The political context

Performance dashboards in the public sector do not arrive without genealogy. As Leoni (2022) documents, the importance attached to data in public governance "might be the result of a longstanding political discourse that proposed, as part of a narrative of positive change, data as the centre of ideal and innovative models of government and governance meant to change the relationship between the public sector and citizens." The public sector's investment in data long predates the digital era - Leoni notes that it "has a long tradition of large-scale data collection, going as far as the birth of the modern State" - but the ideological charge attached to that investment has intensified with each successive wave of administrative reform. New Public Management, which reshaped public administration across Europe and beyond from the 1980s onwards, "heavily relies on performance indicators and targets," affecting "all corners of the public sector, from local to European and from policy formulation to management practice" (Van Thiel & Ongaro, 2017). As Pedersen and Ferlie (2016) observe, the rise of performance measurement alongside NPM "changed the notion of accountability, focusing attention on the managerial aspects of public service delivery." Shore and Wright (2024) characterise the result as an audit culture: a mode of governance that has "proliferated and radically transformed organisations" while being "typically portrayed as [an] objective instrument for promoting trust, accountability, transparency, and good governance."

The current wave of public-sector performance dashboards carries this imaginary forward into the digital era. The political logic connecting data to democracy runs as follows: if performance data is published openly, citizens will find it, understand it, and use it to hold their providers and institutions accountable, which will drive improvement. Data visibility is equated with transparency, transparency with accountability, and accountability with democratic legitimacy - what Berg and Hofmann (2021) describe as a "technocratically-oriented notion of responsive governance." The direction in any given programme is typically top-down: political leaders want league tables, accountability through published data, and visible proof that public money is well spent. Policy leads and analysts then develop a national performance scoring framework - a methodology that weights and aggregates metrics into the scores that underpin provider assessment - and the political ask is to produce a public transparency dashboard quickly.

Power BI was chosen as the delivery tool - it was already embedded in the organisation's analytical practice, it is fast to iterate in, and it doesn't require a dedicated development team. The initial dashboards were built by analysts working to policy specifications, turning the scoring framework methodology into interactive reports.

Our job - the UCD team - was to come in afterwards. Conduct user research on how people actually perceived and used these outputs. Start developing a "properly designed" version that could meet accessibility standards, publication standards, and the needs of the various audiences the dashboards were supposed to serve. We inherited the policy assumptions along with the Power BI prototypes.

This is a familiar pattern in public sector work.
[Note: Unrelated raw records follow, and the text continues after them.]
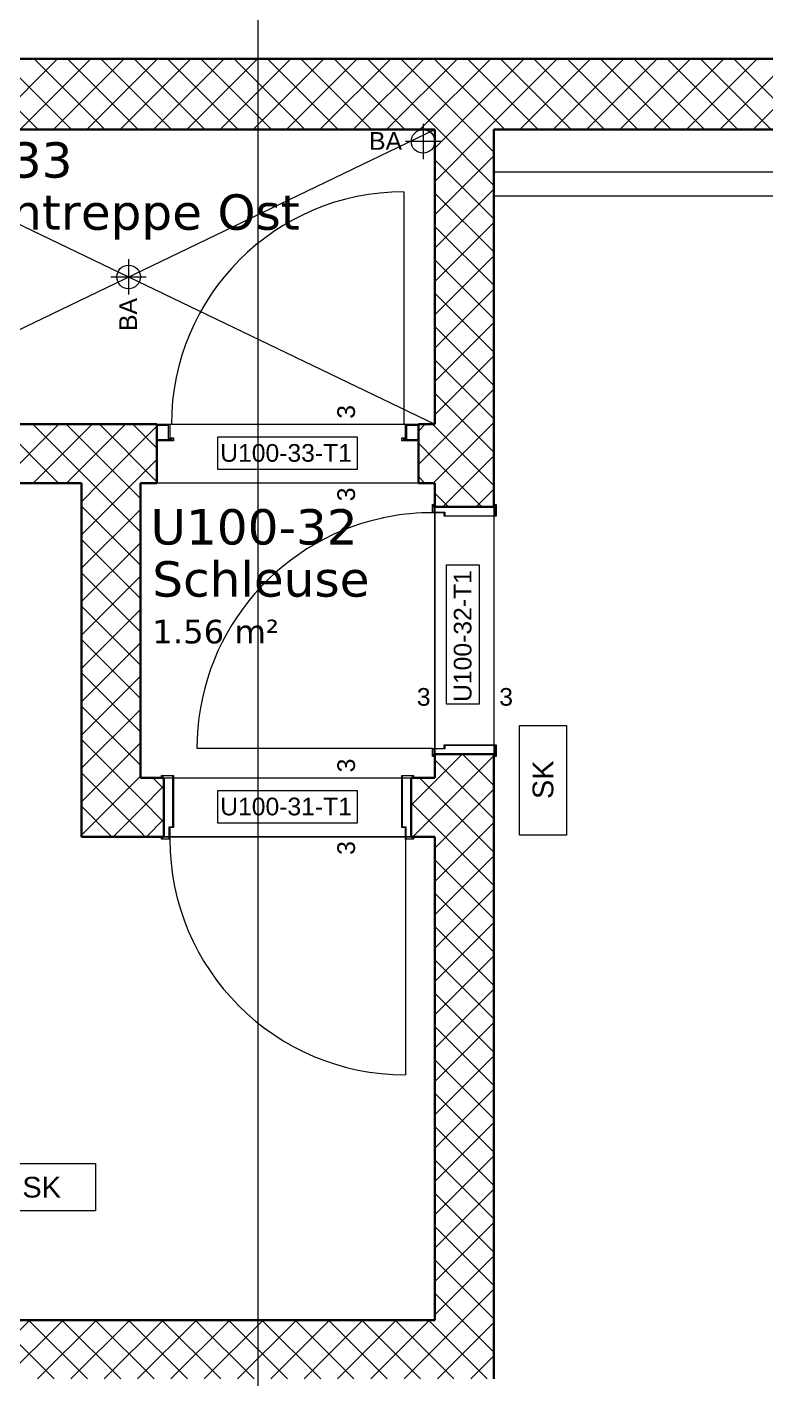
# Model space of a CAD drawing. Extents: x -1907 to 937, y -179 to 966.
# Drawn here: x -1451.9 to -1389.1, y 755.8 to 870.5 of the extents above; entities that cross this region are included whole.
import ezdxf
from ezdxf.lldxf.tags import DXFTag

# ---------------------------------------------------------------- set-up
doc = ezdxf.new("R2010")
doc.units = 0
doc.layers.get('0').update_dxf_attribs({"lineweight": 13})
for name, color, linetype, lineweight in [('A-____-NOTE-TEXT', 7, 'Continuous', 9), ('A-AREA-____-IDEN', 7, 'Continuous', 5), ('A-DOOR-____-IDEN', 7, 'Continuous', 5), ('A-DOOR-____-OTLN', 7, 'Continuous', 9), ('A-DOOR-FRAM-MCUT', 7, 'Continuous', 9), ('A-DOOR-OPNG-OTLN', 7, 'Continuous', 9), ('A-FLOR-____-OTLN', 7, 'Continuous', 9), ('A-WALL-____-MCUT', 7, 'Continuous', 35), ('A-WALL-____-PATT', 7, 'Continuous', 35), ('I-WALL-____-OTLN', 7, 'Continuous', 9), ('S-GRID-____-OTLN', 7, 'Continuous', 5)]:
    doc.layers.add(name, color=color, linetype=linetype, lineweight=lineweight)
doc.layers.add('A-DETL-____-OTLN', color=5, linetype='Continuous', lineweight=9, true_color=0x0000ff)
doc.layers.add('EL01_WAN_Schlaufkasten', color=1, linetype='Continuous', lineweight=13, true_color=0xff0000)
doc.styles.get("Standard").update_dxf_attribs({"font": 'arial.ttf'})
tags = doc.linetypes.add('_Rasterlinie_', pattern=[0.375, 0.2, -0.05, 0.075, -0.05]).pattern_tags.tags
tags[10:11] = [DXFTag(74, 4), DXFTag(75, 0), DXFTag(340, '0'), DXFTag(46, 1.0), DXFTag(50, 0.0), DXFTag(44, 0.0), DXFTag(45, 0.0)]
tags[8:9] = [DXFTag(74, 4), DXFTag(75, 0), DXFTag(340, '0'), DXFTag(46, 1.0), DXFTag(50, 0.0), DXFTag(44, 0.0), DXFTag(45, 0.0)]
tags[6:7] = [DXFTag(74, 4), DXFTag(75, 0), DXFTag(340, '0'), DXFTag(46, 1.0), DXFTag(50, 0.0), DXFTag(44, 0.0), DXFTag(45, 0.0)]
tags[4:5] = [DXFTag(74, 4), DXFTag(75, 0), DXFTag(340, '0'), DXFTag(46, 1.0), DXFTag(50, 0.0), DXFTag(44, 0.0), DXFTag(45, 0.0)]
tags = doc.linetypes.add('Gestrichelt', pattern=[0.1, 0.05, -0.05]).pattern_tags.tags
tags[6:7] = [DXFTag(74, 4), DXFTag(75, 0), DXFTag(340, '0'), DXFTag(46, 1.0), DXFTag(50, 0.0), DXFTag(44, 0.0), DXFTag(45, 0.0)]
tags[4:5] = [DXFTag(74, 4), DXFTag(75, 0), DXFTag(340, '0'), DXFTag(46, 1.0), DXFTag(50, 0.0), DXFTag(44, 0.0), DXFTag(45, 0.0)]
tags = doc.linetypes.add('Grundrissdarstellung Sturz', pattern=[0.25, 0.15, -0.05, 0, -0.05]).pattern_tags.tags
tags[10:11] = [DXFTag(74, 4), DXFTag(75, 0), DXFTag(340, '0'), DXFTag(46, 1.0), DXFTag(50, 0.0), DXFTag(44, 0.0), DXFTag(45, 0.0)]
tags[8:9] = [DXFTag(74, 4), DXFTag(75, 0), DXFTag(340, '0'), DXFTag(46, 1.0), DXFTag(50, 0.0), DXFTag(44, 0.0), DXFTag(45, 0.0)]
tags[6:7] = [DXFTag(74, 4), DXFTag(75, 0), DXFTag(340, '0'), DXFTag(46, 1.0), DXFTag(50, 0.0), DXFTag(44, 0.0), DXFTag(45, 0.0)]
tags[4:5] = [DXFTag(74, 4), DXFTag(75, 0), DXFTag(340, '0'), DXFTag(46, 1.0), DXFTag(50, 0.0), DXFTag(44, 0.0), DXFTag(45, 0.0)]

# ---------------------------------------------------------------- blocks, each defined once
blk = doc.blocks.new('Referenz-A0UJ2810XE', base_point=(-1920.13, -159.41))
at = {"layer": 'A-____-NOTE-TEXT', "color": 0, "linetype": 'Continuous', "lineweight": 5, "ltscale": 0.13}
for p, q in [((-1418.26, 862.25), (-1418.26, 859.25)), ((-1416.76, 860.75), (-1419.76, 860.75)), ((-1443.26, 850.75), (-1443.26, 847.75)), ((-1444.76, 849.25), (-1441.76, 849.25))]:
    blk.add_line(p, q, dxfattribs=at)
for centre in [(-1418.26, 860.75), (-1443.26, 849.25)]:
    blk.add_circle(centre, 1, dxfattribs=at)
at = {"layer": 'A-DETL-____-OTLN', "color": 0, "linetype": 'Gestrichelt', "ltscale": 0.13}
blk.add_line((-1412.26, 856.14), (-1074.46, 856.14), dxfattribs=at)
at = {"layer": 'A-DOOR-____-IDEN', "color": 0, "linetype": 'Continuous', "ltscale": 0.13}
for p, q in [((-1435.68, 835.69), (-1423.84, 835.69)), ((-1435.68, 832.91), (-1435.68, 835.69)), ((-1423.84, 835.69), (-1423.84, 832.91)), ((-1423.84, 832.91), (-1435.68, 832.91)), ((-1416.27, 812.99), (-1416.27, 824.83)), ((-1416.27, 824.83), (-1413.49, 824.83)), ((-1413.49, 824.83), (-1413.49, 812.99)), ((-1413.49, 812.99), (-1416.27, 812.99)), ((-1435.68, 805.69), (-1423.84, 805.69)), ((-1435.68, 802.91), (-1435.68, 805.69)), ((-1423.84, 805.69), (-1423.84, 802.91)), ((-1423.84, 802.91), (-1435.68, 802.91))]:
    blk.add_line(p, q, dxfattribs=at)
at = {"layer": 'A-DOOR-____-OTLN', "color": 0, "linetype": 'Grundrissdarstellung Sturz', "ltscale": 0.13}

The political decision has been made. The methodology exists. The technology has been chosen. Design enters the picture to improve what's already been committed to - not to question whether it should exist, but to make it work as well as possible within the constraints. The question is what "work" means in this context, and that turns out to require examining assumptions that sit well upstream of interface design.

The transparency hypothesis

The policy logic appears to run: if we publish performance data using the national scoring framework, people will find it, understand it, use it to make informed choices, and hold their providers accountable, which will drive performance improvement.

Each link in that chain is an empirical claim. The team ran user research sessions to test the middle links - finding and understanding. The findings were consistent: participants struggled to locate the dashboard, struggled with the metrics, and weren't sure what to do with the information. The most deprived populations - those with the greatest need for good healthcare - were the least likely to engage with, or understand any of it.

These findings are potentially useful for incrementally improving the interface, making a few tweaks here or there, but they point to something more fundamental than usability. Whether the transparency-to-improvement mechanism works as theorised is an empirical question with a substantial evidence base - one that's worth examining if you're designing the thing.

What the star ratings actually showed

One of the most extensively documented tests of the transparency theory in public health system governance is the star ratings regime, implemented in England from 2001 to 2005. Devolution created a natural experiment: England published league tables with consequences (zero-rated trusts were "named and shamed", chief executives were sacked), while Wales adopted a Trust and Altruism model with targets but no rankings, no systematic public reporting, and a widespread perception that failure would be rewarded with extra resources.

Bevan and colleagues (Bevan and Hood, 2006; Bevan and Wilson, 2013; Bevan, Evans and Nuti, 2018) have documented this extensively. England showed better waiting time performance than Scotland and Wales. Providers responded to published data. So far, so good for transparency.

But the same era included the Bristol paediatric cardiac surgery scandal and the Mid-Staffordshire scandal, where poor care led to hundreds of avoidable deaths. Star ratings didn't prevent - and may have contributed to - governance failures. When the overriding priorities were finance and waiting times, resilience against other kinds of failure weakened. The dashboard focused attention on what was measured while unmeasured aspects of patient safety deteriorated.

More importantly, the mechanism through which transparency worked was not what the theory predicted. Hibbard et al.'s (2005) controlled experiments in Wisconsin found that public reporting improved performance not because patients used the data to choose providers - market shares barely changed - but because providers feared reputational damage.

Bevan and Wilson (2013) put it directly: name and shame indicators work best not because they provide information to the bureaucracy, nor because they help consumers make choices, but simply because nobody wants to be at the bottom of a league table.

This distinction - between information-driven choice and reputation-driven anxiety - matters for design. A dashboard optimised for informing patient choice (rich context, drill-down capability, explanatory text) is fundamentally different from one optimised for creating reputational stakes (simple rankings, clear outlier identification, high media visibility). If the mechanism is reputation rather than information, much of what we'd do as user-centred designers - making the data more understandable, more contextualised, more navigable - may be orthogonal to how the dashboard actually produces its effects.

Data is not given

The transparency hypothesis assumes that performance data exists independently of the dashboard - that we're building a window onto an objective reality. But this misunderstands what data is.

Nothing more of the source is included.